The Human Comparison
Ultimately, we have one example of a kind of general intelligence: the human brain. Thus, when evaluating claims about the dangers of AGI one of the first things we should do is see if the same story applies to our brain and if not if there is any special reason to expect our brains to be different.
Looking at the way humans behave its striking how poorly Yudkowsky’s stories describe our behavior even though evolution has shaped us in ways that make us far more dangerous than we should expect AGIs to be (we have self-preservation instincts, approximately coherent desires and beliefs, and are responsive to most aspects of the world rather than caring only about driving times or chess games). Time and time again we see that we follow heuristics and apply familiar mental strategies even when its clear that a different strategy would offer us greater activation of reward centers, greater reproductive opportunities or any other plausible thing we are trying to optimize.

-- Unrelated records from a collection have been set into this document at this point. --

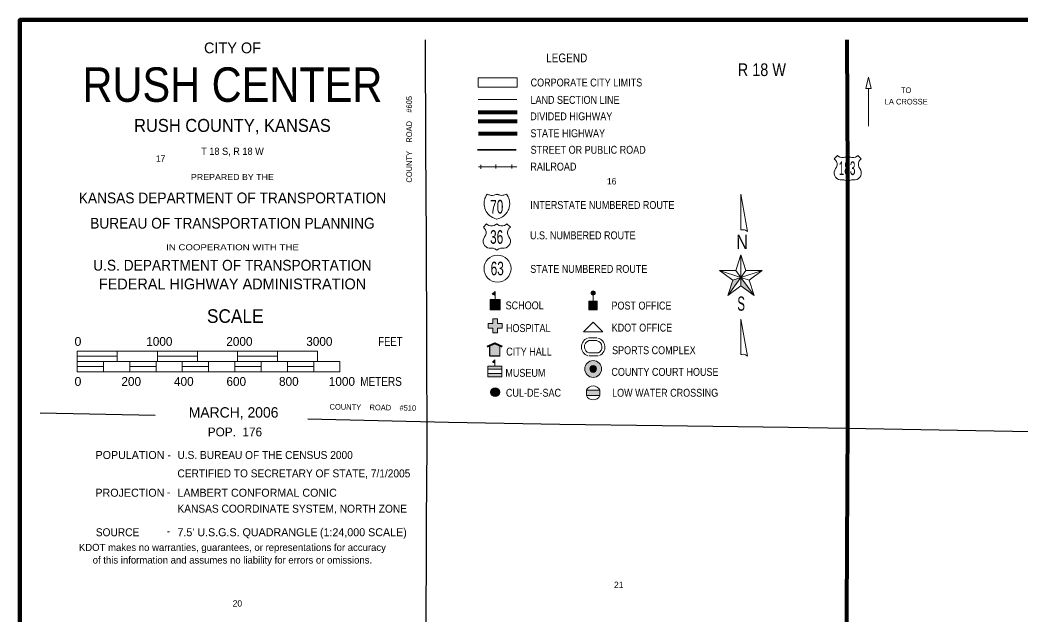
# Model space of a CAD drawing. Extents: x 291.99 to 296.49, y 2643.54 to 2647.48.
# Drawn here: x 291.988 to 294.354, y 2646.076 to 2647.482 of the extents above; entities that cross this region are included whole.
import ezdxf
from ezdxf.enums import TextEntityAlignment as Align

# ---------------------------------------------------------------- set-up
doc = ezdxf.new("R2010")
doc.units = 0
doc.header["$LTSCALE"] = 0.0061
doc.linetypes.add('LONG_DASHED', pattern=[7.5, 6, -1.5])
doc.linetypes.add('MEDIUM_DASHED', pattern=[4.5, 3, -1.5])
for name, color, linetype, lineweight in [('11', 7, 'Continuous', 80), ('14', 7, 'Continuous', 25), ('19', 7, 'Continuous', 13), ('35', 7, 'Continuous', 13), ('48', 7, 'Continuous', 106), ('49', 7, 'Continuous', 13), ('50', 7, 'Continuous', 13), ('51', 7, 'Continuous', 13)]:
    doc.layers.add(name, color=color, linetype=linetype, lineweight=lineweight)
doc.layers.add('45', color=7, linetype='Continuous')
doc.layers.add('46', color=7, linetype='Continuous')

msp = doc.modelspace()

# ---------------------------------------------------------------- hatches: boundary and pattern name
at = {"layer": '50'}
for points in [[(293.112311, 2646.830303), (293.105303, 2646.833144), (293.112311, 2646.839205)], [(293.344489, 2646.831197, 1), (293.344063, 2646.840998, 1)], [(293.100379, 2646.796402), (293.100379, 2646.820455), (293.124432, 2646.820455), (293.124432, 2646.796402)], [(293.33447, 2646.796402), (293.33447, 2646.816667), (293.353977, 2646.816667), (293.353977, 2646.796402)], [(293.107008, 2646.741856), (293.117992, 2646.741856), (293.117992, 2646.752652), (293.128788, 2646.752652), (293.128788, 2646.763636), (293.117992, 2646.763636), (293.117992, 2646.774621), (293.107008, 2646.774621), (293.107008, 2646.763636), (293.096023, 2646.763636), (293.096023, 2646.752652), (293.107008, 2646.752652)], [(293.111932, 2646.716856), (293.099621, 2646.711364), (293.099621, 2646.686553), (293.123674, 2646.686553), (293.123674, 2646.711364)], [(293.12822, 2646.662879), (293.12822, 2646.655303), (293.095455, 2646.655303), (293.095455, 2646.662879)], [(293.111932, 2646.669886), (293.111932, 2646.677462), (293.106061, 2646.672348)], [(293.364301, 2646.656705, 1), (293.324619, 2646.655478, 1)], [(293.352284, 2646.657932, 1), (293.336636, 2646.65425, 1)], [(293.12822, 2646.645076), (293.12822, 2646.6375), (293.095455, 2646.6375), (293.095455, 2646.645076)], [(293.122888, 2646.601349, 1), (293.102371, 2646.601349, 1)], [(293.328598, 2646.605682), (293.360417, 2646.605682), (293.360417, 2646.592992), (293.328598, 2646.592992)]]:
    msp.add_hatch(color=256, dxfattribs=at).paths.add_polyline_path(points)
at = {"layer": '51'}
for points in [[(293.662689, 2646.829735), (293.674811, 2646.866667), (293.694129, 2646.872917)], [(293.694129, 2646.872917), (293.694129, 2646.852652), (293.725379, 2646.829735)]]:
    msp.add_hatch(color=256, dxfattribs=at).paths.add_polyline_path(points)

# ---------------------------------------------------------------- linework, layer by layer
at = {"layer": '11'}
msp.add_lwpolyline([(293.922159, 2643.64697), (293.926136, 2643.899242), (293.934091, 2644.189962), (293.937311, 2644.565909), (293.940341, 2644.94375), (293.940152, 2645.332955), (293.94678, 2645.626894), (293.944886, 2646.083902), (293.94678, 2646.529545), (293.94678, 2647.11572), (293.945455, 2647.434848)], dxfattribs=at)
at = {"layer": '14'}
msp.add_line((292.035606, 2646.552462), (292.307955, 2646.546402), dxfattribs=at)
for points in [[(292.942045, 2644.615341), (292.943939, 2644.874432), (292.944886, 2645.089773), (292.947159, 2645.415909), (292.948674, 2645.677462), (292.949432, 2645.991098), (292.950379, 2646.295644), (292.951894, 2646.473106), (292.951136, 2646.716477), (292.950189, 2646.963447), (292.948674, 2647.182197), (292.947917, 2647.434848)], [(292.669318, 2646.538068), (293.002462, 2646.530492), (293.26572, 2646.525568), (293.507576, 2646.522159), (293.806439, 2646.517992), (293.946591, 2646.51572), (294.988447, 2646.497348), (295.32197, 2646.493182), (295.823485, 2646.485985)]]:
    msp.add_lwpolyline(points, dxfattribs=at)
at = {"layer": '19'}
msp.add_lwpolyline([(293.922538, 2647.161553), (293.914962, 2647.153788), (293.917992, 2647.150379), (293.920076, 2647.14697), (293.921402, 2647.142614), (293.921402, 2647.138258), (293.920076, 2647.133902), (293.917992, 2647.130303), (293.915909, 2647.126705), (293.914773, 2647.122348), (293.914773, 2647.117992), (293.915909, 2647.113447), (293.917992, 2647.110038), (293.921212, 2647.106818), (293.924811, 2647.104545), (293.928977, 2647.103409), (293.937879, 2647.103409), (293.942045, 2647.102273), (293.945644, 2647.100189), (293.94697, 2647.099432), (293.951326, 2647.102273), (293.955492, 2647.103409), (293.964015, 2647.103409), (293.96875, 2647.104545), (293.972348, 2647.106818), (293.975379, 2647.110038), (293.977652, 2647.113447), (293.978788, 2647.117992), (293.978788, 2647.122348), (293.977652, 2647.126705), (293.975379, 2647.130303), (293.973295, 2647.133902), (293.97197, 2647.138258), (293.97197, 2647.142614), (293.973295, 2647.14697), (293.975379, 2647.150379), (293.978788, 2647.153788), (293.970455, 2647.161553), (293.969129, 2647.160038), (293.965341, 2647.157765), (293.961174, 2647.156629), (293.956629, 2647.156629), (293.952462, 2647.157765), (293.948674, 2647.160038), (293.946402, 2647.161553), (293.944318, 2647.160038), (293.94053, 2647.157765), (293.936553, 2647.156629), (293.932008, 2647.156629), (293.927841, 2647.157765), (293.924242, 2647.160038)], close=True, dxfattribs=at)
at = {"layer": '35'}
msp.add_line((293.996212, 2647.320265), (293.996212, 2647.231061), dxfattribs=at)
msp.add_lwpolyline([(294.002083, 2647.320265), (293.996023, 2647.346591), (293.989773, 2647.320076)], close=True, dxfattribs=at)
at = {"layer": '48'}
msp.add_lwpolyline([(291.988258, 2643.599621), (291.988258, 2647.482197), (295.870833, 2647.482197), (295.870833, 2643.599621)], close=True, dxfattribs=at)
at = {"layer": '50', "linetype": 'MEDIUM_DASHED'}
msp.add_line((293.072159, 2647.29375), (293.163636, 2647.29375), dxfattribs=at)
at = {"layer": '50', "lineweight": 80}
for p, q in [((293.072159, 2647.264205), (293.164773, 2647.264205)), ((293.072159, 2647.242614), (293.164773, 2647.242614)), ((293.073106, 2647.213258), (293.164583, 2647.213258))]:
    msp.add_line(p, q, dxfattribs=at)
at = {"layer": '50', "lineweight": 35}
msp.add_line((293.071023, 2647.175), (293.1625, 2647.175), dxfattribs=at)
at = {"layer": '50'}
for p, q in [((293.073106, 2647.134848), (293.163636, 2647.134848)), ((293.078598, 2647.139394), (293.078598, 2647.130114)), ((293.114394, 2647.139962), (293.114394, 2647.130682)), ((293.151894, 2647.139962), (293.151894, 2647.130682)), ((293.1125, 2646.820455), (293.1125, 2646.830303)), ((293.344318, 2646.816098), (293.344318, 2646.831818)), ((293.353409, 2646.730114), (293.333144, 2646.730114)), ((293.353409, 2646.723295), (293.333144, 2646.723295)), ((293.333902, 2646.694508), (293.356439, 2646.694508)), ((293.333902, 2646.687311), (293.356439, 2646.687311)), ((293.111932, 2646.663068), (293.111932, 2646.669886)), ((293.328409, 2646.605871), (293.360227, 2646.605871)), ((293.360227, 2646.593182), (293.328409, 2646.593182))]:
    msp.add_line(p, q, dxfattribs=at)
at = {"layer": '50', "linetype": 'LONG_DASHED'}
msp.add_lwpolyline([(293.072348, 2647.344886), (293.164962, 2647.344886), (293.164962, 2647.323295), (293.072348, 2647.323295)], close=True, dxfattribs=at)
at = {"layer": '50'}
for points in [[(293.093561, 2647.069886), (293.091477, 2647.067045), (293.090152, 2647.064205), (293.089583, 2647.062121), (293.088447, 2647.060606), (293.088068, 2647.058144), (293.087311, 2647.05625), (293.086742, 2647.05322), (293.086364, 2647.049621), (293.086553, 2647.044318), (293.086932, 2647.040909), (293.088068, 2647.037689), (293.088447, 2647.035606), (293.089962, 2647.032008), (293.091288, 2647.028977), (293.09375, 2647.025379), (293.095265, 2647.023485), (293.09697, 2647.021402), (293.098485, 2647.020265), (293.1, 2647.018939), (293.101894, 2647.017614), (293.103598, 2647.016477), (293.105114, 2647.015341), (293.106629, 2647.014583), (293.108523, 2647.013447), (293.111742, 2647.012311), (293.11553, 2647.010985), (293.116667, 2647.010985), (293.120076, 2647.011932), (293.123674, 2647.012879), (293.126894, 2647.014583), (293.129924, 2647.016288), (293.132765, 2647.018371), (293.135606, 2647.020833), (293.138068, 2647.023674), (293.14072, 2647.026894), (293.142614, 2647.030114), (293.143371, 2647.031629), (293.144697, 2647.03428), (293.145833, 2647.038636), (293.146591, 2647.042803), (293.14697, 2647.04678), (293.14678, 2647.050947), (293.146591, 2647.053977), (293.146023, 2647.05625), (293.144697, 2647.060606), (293.143371, 2647.063826), (293.141288, 2647.067235), (293.139773, 2647.069886), (293.137879, 2647.069129), (293.134659, 2647.068182), (293.132955, 2647.067614), (293.131061, 2647.067235), (293.12803, 2647.067045), (293.124621, 2647.067614), (293.122727, 2647.067992), (293.120833, 2647.068182), (293.119508, 2647.06875), (293.117614, 2647.069318), (293.116667, 2647.069886), (293.11553, 2647.069318), (293.114015, 2647.06875), (293.112121, 2647.068182), (293.110417, 2647.067614), (293.106629, 2647.067045), (293.10303, 2647.067045), (293.100947, 2647.067614), (293.099242, 2647.067992), (293.097159, 2647.068371), (293.095265, 2647.069129)], [(293.092235, 2646.999811), (293.084659, 2646.992045), (293.087689, 2646.988636), (293.089773, 2646.985227), (293.091098, 2646.980871), (293.091098, 2646.976515), (293.089773, 2646.972159), (293.087689, 2646.968561), (293.085606, 2646.964962), (293.08447, 2646.960606), (293.08447, 2646.95625), (293.085606, 2646.951705), (293.087689, 2646.948295), (293.090909, 2646.945076), (293.094508, 2646.942803), (293.098674, 2646.941667), (293.107576, 2646.941667), (293.111742, 2646.94053), (293.115341, 2646.938447), (293.116667, 2646.937689), (293.117045, 2646.938447), (293.121023, 2646.94053), (293.125189, 2646.941667), (293.133712, 2646.941667), (293.138447, 2646.942803), (293.142045, 2646.945076), (293.145076, 2646.948295), (293.147348, 2646.951705), (293.148485, 2646.95625), (293.148485, 2646.960606), (293.147348, 2646.964962), (293.145076, 2646.968561), (293.142992, 2646.972159), (293.141667, 2646.976515), (293.141667, 2646.980871), (293.142992, 2646.985227), (293.145076, 2646.988636), (293.148485, 2646.992045), (293.140152, 2646.999811), (293.138826, 2646.998295), (293.135038, 2646.996023), (293.130871, 2646.994886), (293.126326, 2646.994886), (293.122159, 2646.996023), (293.118371, 2646.998295), (293.116667, 2646.999811), (293.114015, 2646.998295), (293.110227, 2646.996023), (293.10625, 2646.994886), (293.101705, 2646.994886), (293.097538, 2646.996023), (293.093939, 2646.998295)], [(293.112311, 2646.830303), (293.105303, 2646.833144), (293.112311, 2646.839205)], [(293.100379, 2646.796402), (293.100379, 2646.820455), (293.124432, 2646.820455), (293.124432, 2646.796402)], [(293.33447, 2646.796402), (293.33447, 2646.816667), (293.353977, 2646.816667), (293.353977, 2646.796402)], [(293.107008, 2646.741856), (293.117992, 2646.741856), (293.117992, 2646.752652), (293.128788, 2646.752652), (293.128788, 2646.763636), (293.117992, 2646.763636), (293.117992, 2646.774621), (293.107008, 2646.774621), (293.107008, 2646.763636), (293.096023, 2646.763636), (293.096023, 2646.752652), (293.107008, 2646.752652)], [(293.321402, 2646.744129), (293.344129, 2646.767045), (293.367045, 2646.744318)], [(293.111932, 2646.716856), (293.099621, 2646.711364), (293.099621, 2646.686553), (293.123674, 2646.686553), (293.123674, 2646.711364)], [(293.12822, 2646.662879), (293.12822, 2646.655303), (293.095455, 2646.655303), (293.095455, 2646.662879)], [(293.111932, 2646.669886), (293.111932, 2646.677462), (293.106061, 2646.672348)], [(293.12822, 2646.645076), (293.12822, 2646.6375), (293.095455, 2646.6375), (293.095455, 2646.645076)], [(293.328598, 2646.605682), (293.360417, 2646.605682), (293.360417, 2646.592992), (293.328598, 2646.592992)]]:
    msp.add_lwpolyline(points, close=True, dxfattribs=at)
at = {"layer": '50', "lineweight": 40}
msp.add_lwpolyline([(293.09375, 2646.70928), (293.111742, 2646.717235), (293.128788, 2646.70928)], dxfattribs=at)
at = {"layer": '50'}
for points in [[(293.103409, 2646.686932), (293.099432, 2646.686932), (293.099432, 2646.711742)], [(293.123485, 2646.711742), (293.123485, 2646.686932), (293.10322, 2646.686932)], [(293.12822, 2646.65322), (293.12822, 2646.655303), (293.095455, 2646.655303), (293.095455, 2646.645076), (293.12822, 2646.645076), (293.12822, 2646.653598)]]:
    msp.add_lwpolyline(points, dxfattribs=at)
for centre, radius in [((293.11816, 2646.89369), 0.031987), ((293.344276, 2646.836098), 0.004905), ((293.34446, 2646.656091), 0.01985), ((293.34446, 2646.656091), 0.008037)]:
    msp.add_circle(centre, radius, dxfattribs=at)
at = {"layer": '50', "lineweight": 25}
msp.add_circle((293.112629, 2646.601349), 0.010259, dxfattribs=at)
at = {"layer": '50'}
for centre, radius, start, end in [((293.339062, 2646.708323), 0.022283, 111.82978, 251.18127), ((293.349858, 2646.707694), 0.022283, 296.54144, 75.89292), ((293.339062, 2646.708431), 0.015332, 111.82978, 251.18127), ((293.349858, 2646.707802), 0.015332, 296.54144, 75.89292), ((293.344515, 2646.598336), 0.017521, 24.77119, 155.22881), ((293.344515, 2646.600423), 0.017521, 204.77119, 335.22881)]:
    msp.add_arc(centre, radius, start, end, dxfattribs=at)
at = {"layer": '51'}
for p, q in [((293.682197, 2646.889394), (293.694129, 2646.926136)), ((293.694129, 2646.926136), (293.706061, 2646.889394)), ((292.123864, 2646.686174), (292.218561, 2646.686174)), ((292.313258, 2646.686174), (292.407955, 2646.686174)), ((292.502652, 2646.686174), (292.597348, 2646.686174)), ((292.123864, 2646.661553), (292.185985, 2646.661553)), ((292.248106, 2646.661553), (292.310227, 2646.661553)), ((292.372348, 2646.661553), (292.43447, 2646.661553)), ((292.496591, 2646.661553), (292.558902, 2646.661553)), ((292.621023, 2646.661553), (292.683144, 2646.661553))]:
    msp.add_line(p, q, dxfattribs=at)
for points in [[(293.694129, 2646.985227), (293.694129, 2647.069697), (293.709659, 2646.981439), (293.707386, 2646.983333), (293.704924, 2646.984659), (293.702652, 2646.985606), (293.7, 2646.985795), (293.697159, 2646.985795)], [(293.694129, 2646.926136), (293.682197, 2646.889394), (293.694129, 2646.872917)], [(293.694129, 2646.926136), (293.694129, 2646.872917), (293.706061, 2646.889394)], [(293.643561, 2646.889394), (293.694129, 2646.872917), (293.674811, 2646.866667)], [(293.682197, 2646.889394), (293.643561, 2646.889394), (293.694129, 2646.872917)], [(293.662689, 2646.829735), (293.694129, 2646.872917), (293.694129, 2646.852652)], [(293.662689, 2646.829735), (293.674811, 2646.866667), (293.694129, 2646.872917)], [(293.744697, 2646.889394), (293.706061, 2646.889394), (293.694129, 2646.872917)], [(293.694129, 2646.872917), (293.713447, 2646.866667), (293.744697, 2646.889394)], [(293.694129, 2646.872917), (293.713447, 2646.866667), (293.725379, 2646.829735)], [(293.694129, 2646.872917), (293.694129, 2646.852652), (293.725379, 2646.829735)], [(293.694129, 2646.689962), (293.694129, 2646.774242), (293.709659, 2646.686174), (293.707576, 2646.688068), (293.704735, 2646.689583), (293.701515, 2646.690341), (293.699053, 2646.69072), (293.696023, 2646.690341)], [(292.123864, 2646.673864), (292.218561, 2646.673864), (292.218561, 2646.698485), (292.123864, 2646.698485)], [(292.218561, 2646.673864), (292.313258, 2646.673864), (292.313258, 2646.698485), (292.218561, 2646.698485)], [(292.313258, 2646.673864), (292.407955, 2646.673864), (292.407955, 2646.698485), (292.313258, 2646.698485)], [(292.407955, 2646.673864), (292.502652, 2646.673864), (292.502652, 2646.698485), (292.407955, 2646.698485)], [(292.502652, 2646.673864), (292.597348, 2646.673864), (292.597348, 2646.698485), (292.502652, 2646.698485)], [(292.597348, 2646.673864), (292.692045, 2646.673864), (292.692045, 2646.698485), (292.597348, 2646.698485)], [(292.123864, 2646.649242), (292.185985, 2646.649242), (292.185985, 2646.673864), (292.123864, 2646.673864)], [(292.185985, 2646.649242), (292.248106, 2646.649242), (292.248106, 2646.673864), (292.185985, 2646.673864)], [(292.248106, 2646.649242), (292.310227, 2646.649242), (292.310227, 2646.673864), (292.248106, 2646.673864)], [(292.310227, 2646.649242), (292.372348, 2646.649242), (292.372348, 2646.673864), (292.310227, 2646.673864)], [(292.372348, 2646.649242), (292.43447, 2646.649242), (292.43447, 2646.673864), (292.372348, 2646.673864)], [(292.43447, 2646.649242), (292.496591, 2646.649242), (292.496591, 2646.673864), (292.43447, 2646.673864)], [(292.496591, 2646.649242), (292.558902, 2646.649242), (292.558902, 2646.673864), (292.496591, 2646.673864)], [(292.558902, 2646.649242), (292.621023, 2646.649242), (292.621023, 2646.673864), (292.558902, 2646.673864)], [(292.621023, 2646.649242), (292.683144, 2646.649242), (292.683144, 2646.673864), (292.621023, 2646.673864)], [(292.683144, 2646.649242), (292.745265, 2646.649242), (292.745265, 2646.673864), (292.683144, 2646.673864)]]:
    msp.add_lwpolyline(points, close=True, dxfattribs=at)
for points in [[(293.674811, 2646.866667), (293.643561, 2646.889394), (293.682197, 2646.889394), (293.694129, 2646.926136)], [(293.706061, 2646.889394), (293.744697, 2646.889394), (293.713447, 2646.866667)], [(293.694129, 2646.852652), (293.662689, 2646.829735), (293.674811, 2646.866667)], [(293.713447, 2646.866667), (293.725379, 2646.829735), (293.694129, 2646.852652)]]:
    msp.add_lwpolyline(points, dxfattribs=at)

# ---------------------------------------------------------------- texts
at = {"layer": '19', "width": 0.55}
msp.add_text('183', height=0.0322, dxfattribs=at).set_placement((293.945265, 2647.115152), align=Align.CENTER)
at = {"layer": '35', "width": 0.9}
msp.add_text('TO', height=0.01326, dxfattribs=at).set_placement((294.085133, 2647.30928), align=Align.CENTER)
at = {"layer": '35'}
msp.add_text('LA CROSSE', height=0.01326, dxfattribs=at).set_placement((294.085133, 2647.282197), align=Align.CENTER)
at = {"layer": '45'}
for s, p in [('17', (292.320928, 2647.14678)), ('16', (293.388258, 2647.092803)), ('21', (293.404924, 2646.1375)), ('20', (292.502652, 2646.093561))]:
    msp.add_text(s, height=0.01496, dxfattribs=at).set_placement(p, align=Align.CENTER)
at = {"layer": '46', "width": 0.85}
msp.add_text('R 18 W', height=0.03011, dxfattribs=at).set_placement((293.743561, 2647.349432), align=Align.CENTER)
at = {"layer": '49'}
for s, rotation, p in [('COUNTY    ROAD    #605', 90, (292.91572, 2647.199716)), ('COUNTY    ROAD    #510', 359.097, (292.823096, 2646.558465))]:
    msp.add_text(s, height=0.01326, rotation=rotation, dxfattribs=at).set_placement(p, align=Align.CENTER)
at = {"layer": '50'}
for s, height, width, p in [('LEGEND', 0.02083, 0.85, (293.281913, 2647.382008)), ('CORPORATE CITY LIMITS', 0.01875, 0.85, (293.328504, 2647.324811)), ('LAND SECTION LINE', 0.01875, 0.85, (293.301515, 2647.283712)), ('DIVIDED HIGHWAY', 0.01875, 0.85, (293.292614, 2647.244886)), ('STATE HIGHWAY', 0.01875, 0.85, (293.284375, 2647.204735)), ('STREET OR PUBLIC ROAD', 0.01875, 0.85, (293.332576, 2647.16553)), ('RAILROAD', 0.01875, 0.85, (293.250379, 2647.125758)), ('70', 0.0322, 0.65, (293.116288, 2647.024053)), ('INTERSTATE NUMBERED ROUTE', 0.01875, 0.85, (293.366193, 2647.034848)), ('36', 0.0322, 0.65, (293.116098, 2646.952462)), ('U.S. NUMBERED ROUTE', 0.01875, 0.85, (293.319886, 2646.963068)), ('63', 0.0322, 0.65, (293.117424, 2646.877841)), ('STATE NUMBERED ROUTE', 0.01875, 0.85, (293.334091, 2646.883523)), ('SCHOOL', 0.01875, 0.85, (293.182386, 2646.797159)), ('POST OFFICE', 0.01875, 0.85, (293.458807, 2646.79678)), ('HOSPITAL', 0.01875, 0.85, (293.190814, 2646.743371)), ('KDOT OFFICE', 0.01875, 0.85, (293.459848, 2646.744508)), ('CITY HALL', 0.01875, 0.85, (293.192614, 2646.687879)), ('SPORTS COMPLEX', 0.01875, 0.85, (293.488068, 2646.691098)), ('MUSEUM', 0.01875, 0.85, (293.184091, 2646.6375)), ('COUNTY COURT HOUSE', 0.01875, 0.85, (293.514299, 2646.639773)), ('CUL-DE-SAC', 0.01875, 0.85, (293.20322, 2646.590341)), ('LOW WATER CROSSING', 0.01875, 0.85, (293.514773, 2646.590341))]:
    msp.add_text(s, height=height, dxfattribs=dict(at, width=width)).set_placement(p, align=Align.CENTER)
at = {"layer": '51'}
for s, height, p in [('CITY OF', 0.02557, (292.491098, 2647.403409)), ('FEDERAL HIGHWAY ADMINISTRATION', 0.02557, (292.491098, 2646.844508)), ('KDOT makes no warranties, guarantees, or representations for accuracy', 0.01688, (292.490814, 2646.225189)), ('of this information and assumes no liability for errors or omissions.', 0.01688, (292.490814, 2646.195455))]:
    msp.add_text(s, height=height, dxfattribs=at).set_placement(p, align=Align.CENTER)
for s, height, width, p in [('RUSH CENTER', 0.08163, 0.9, (292.490909, 2647.288447)), ('RUSH COUNTY, KANSAS', 0.03068, 0.95, (292.490909, 2647.217235)), ('T 18 S, R 18 W', 0.01705, 0.95, (292.491004, 2647.162879)), ('PREPARED BY THE', 0.0142, 1.1, (292.490814, 2647.103409)), ('KANSAS DEPARTMENT OF TRANSPORTATION', 0.02557, 0.95, (292.491004, 2647.048106)), ('BUREAU OF TRANSPORTATION PLANNING', 0.02557, 0.95, (292.490909, 2646.988258)), ('N', 0.03375, 0.85, (293.696686, 2646.940152)), ('IN COOPERATION WITH THE', 0.0142, 1.2, (292.491098, 2646.937121)), ('U.S. DEPARTMENT OF TRANSPORTATION', 0.02557, 0.95, (292.490814, 2646.888826)), ('S', 0.03375, 0.6, (293.694602, 2646.793939))]:
    msp.add_text(s, height=height, dxfattribs=dict(at, width=width)).set_placement(p, align=Align.CENTER)
for s, height, width, p in [('SCALE', 0.0322, 0.95, (292.430492, 2646.765152)), ('0', 0.02083, 1.05, (292.117235, 2646.710795)), ('FEET', 0.02083, 0.8, (292.836174, 2646.710795)), ('0', 0.02083, 1.05, (292.117235, 2646.616098)), ('METERS', 0.02083, 0.85, (292.793182, 2646.616098)), ('U.S. BUREAU OF THE CENSUS 2000', 0.0189, 0.95, (292.360795, 2646.442992)), ('CERTIFIED TO SECRETARY OF STATE, 7/1/2005', 0.0189, 0.95, (292.360795, 2646.399432)), ('KANSAS COORDINATE SYSTEM,', 0.01894, 0.95, (292.360795, 2646.315909)), ('NORTH ZONE', 0.01894, 0.95, (292.744886, 2646.315909)), ('SOURCE ', 0.01894, 0.95, (292.167614, 2646.260038))]:
    msp.add_text(s, height=height, dxfattribs=dict(at, width=width)).set_placement(p)
for s, height, p in [('1000', 0.02083, (292.286932, 2646.710795)), ('2000', 0.02083, (292.476326, 2646.710795)), ('3000', 0.02083, (292.66553, 2646.710795)), ('200', 0.02083, (292.22822, 2646.616098)), ('400', 0.02083, (292.352652, 2646.616098)), ('600', 0.02083, (292.476705, 2646.616098)), ('800', 0.02083, (292.601136, 2646.616098)), ('1000', 0.02083, (292.718939, 2646.616098)), ('MARCH, 2006', 0.02462, (292.3875, 2646.540909)), ('POP.  176', 0.02083, (292.432576, 2646.496591)), ('POPULATION -', 0.0189, (292.167045, 2646.442992)), ('PROJECTION ', 0.01894, (292.166667, 2646.353598)), ('LAMBERT CONFORMAL CONIC', 0.01894, (292.360795, 2646.353598)), ('-', 0.01894, (292.335795, 2646.355114)), ("7.5' U.S.G.S. QUADRANGLE", 0.01894, (292.360795, 2646.260038)), ('(1:24,000 SCALE)', 0.01894, (292.697917, 2646.260038)), ('-', 0.01894, (292.335417, 2646.263447))]:
    msp.add_text(s, height=height, dxfattribs=at).set_placement(p)

doc.saveas('drawing.dxf')

The fact that we don’t consciously try and optimize our reproductive success and instead apply a forest of frameworks and heuristics that we follow even when they undermine our reproductive success strongly suggests that an AGI will most likely function in a similar heuristic layered fashion. In other words, we shouldn’t expect intelligence to come as a result of some pure mathematical optimization but more as a layered cake of heuristic processes. Thus, when an AI responsible for routing cars reflects on its performance it won’t see the pure mathematical question of how can I minimize such and such function any more than we see the pure mathematical question of how can I cause dopamine to be released in this part of my brain or how can I have more offspring. Rather, just as we break up the world into tasks like ‘make friends’ or ‘get respect from peers’ the AI will reflect on the world represented in terms of pieces like ‘route car from A to B’ or ‘minimize congestion in area D’ that bias it towards a certain kind of solution and away from plots like avoid congestion by creating a killer plague.
This isn’t to say there aren’t concerns. Indeed, as I’ve remarked elsewhere I’m much more concerned about schizophrenic AIs than I am about misaligned AI’s but that’s enough for this post.